The human body is an amazing piece of meat machinery, no question about it. Also? It’s sort of icky. Especially if you’re one of the dudes trying to get a look at the stuff inside the skin wrapping. It’s slippery, bloody, goopy and, sometimes, pretty darn smelly.

Could be one of the big reasons some folks decide doctorin’ isn’t their real professional choice. They need something with a bit smaller squick factor. Like say, roadkill collector. You know, as you do.

Anyway.

If you’re still interested in the human body and how it works and where the various bits are, but you don’t want to be elbows deep in an undecipherable mess of gunk, and those pictures in various textbooks just don’t cut it, well, I’ve got some very good information for you.
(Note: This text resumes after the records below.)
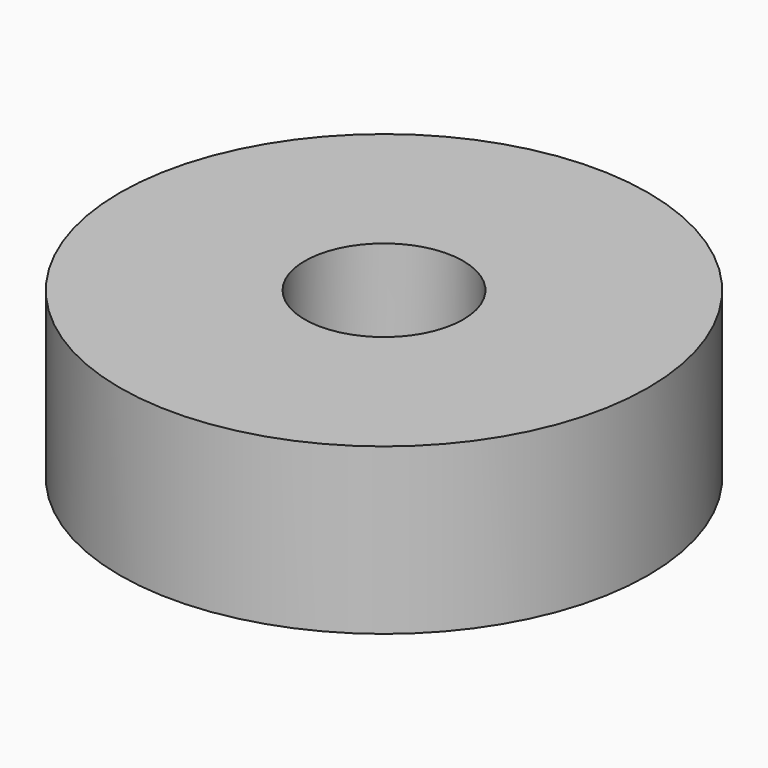
from build123d import *

# Parameters (mm, degrees)
F0_R     = 5.08
F0_R_2   = 1.524
F1_DEPTH = 3.175


# Not quite as in the source:
# - a length typed as a fraction of an inch, garbled in the dataset ("3 / 203.2 mm" for 3/8 in), is restored


with BuildPart() as f1:
    # F0 (on Top) → F1 (new body)
    with BuildSketch(Plane.XY):
        Circle(F0_R)
        Circle(F0_R_2, mode=Mode.SUBTRACT)
    extrude(amount=F1_DEPTH)


solid = f1.part
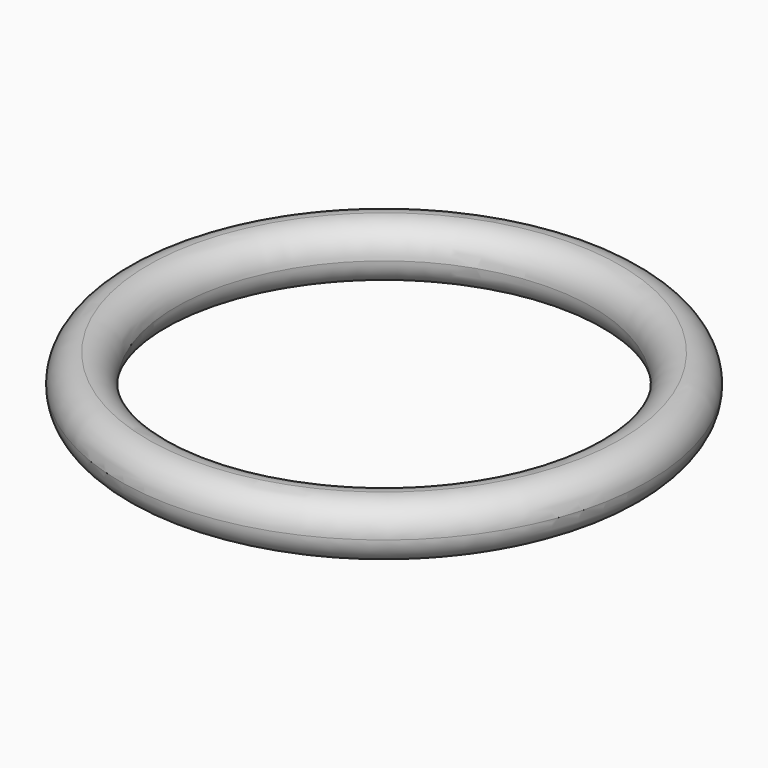
from build123d import *

# Parameters (mm, degrees)
F0_R     = 9.5
F0_R_2   = 7.5
F1_DEPTH = 2
F2_R     = 0.99999


# Not quite as in the source:
# - a fillet or chamfer is up to 0.001 mm smaller than in the source, because OpenCascade refuses the exact size


with BuildPart() as f1:
    # F0 (on Top) → F1 (new body)
    with BuildSketch(Plane.XY):
        Circle(F0_R)
        Circle(F0_R_2, mode=Mode.SUBTRACT)
    extrude(amount=F1_DEPTH)

    # F2 (radius 1 in the source; OpenCascade refuses exactly that, so slightly less here)
    f2_edges = [f1.edges().sort_by_distance(p)[0] for p in [
        (-9.5, 0, 2),
        (-9.5, 0, 0),
        (-7.5, 0, 2),
        (-7.5, 0, 0),
    ]]
    fillet(f2_edges, radius=F2_R)


solid = f1.part

Get ready for the BioDigital Human. This, dudes, is an amazingly cool site.

What it offers is an astonishingly clear three-dimensional image of the human body, broken down into various systems. That is, you can start with the skeletal system and have a rotatable 3-D image of a skeleton. Add in the endocrine system and various glands start showing up. Then you can add in the digestive system and *paf* you’ve got your intestines of varying lengths, the stomach, the tongue, mouth, esophagus, etc. etc.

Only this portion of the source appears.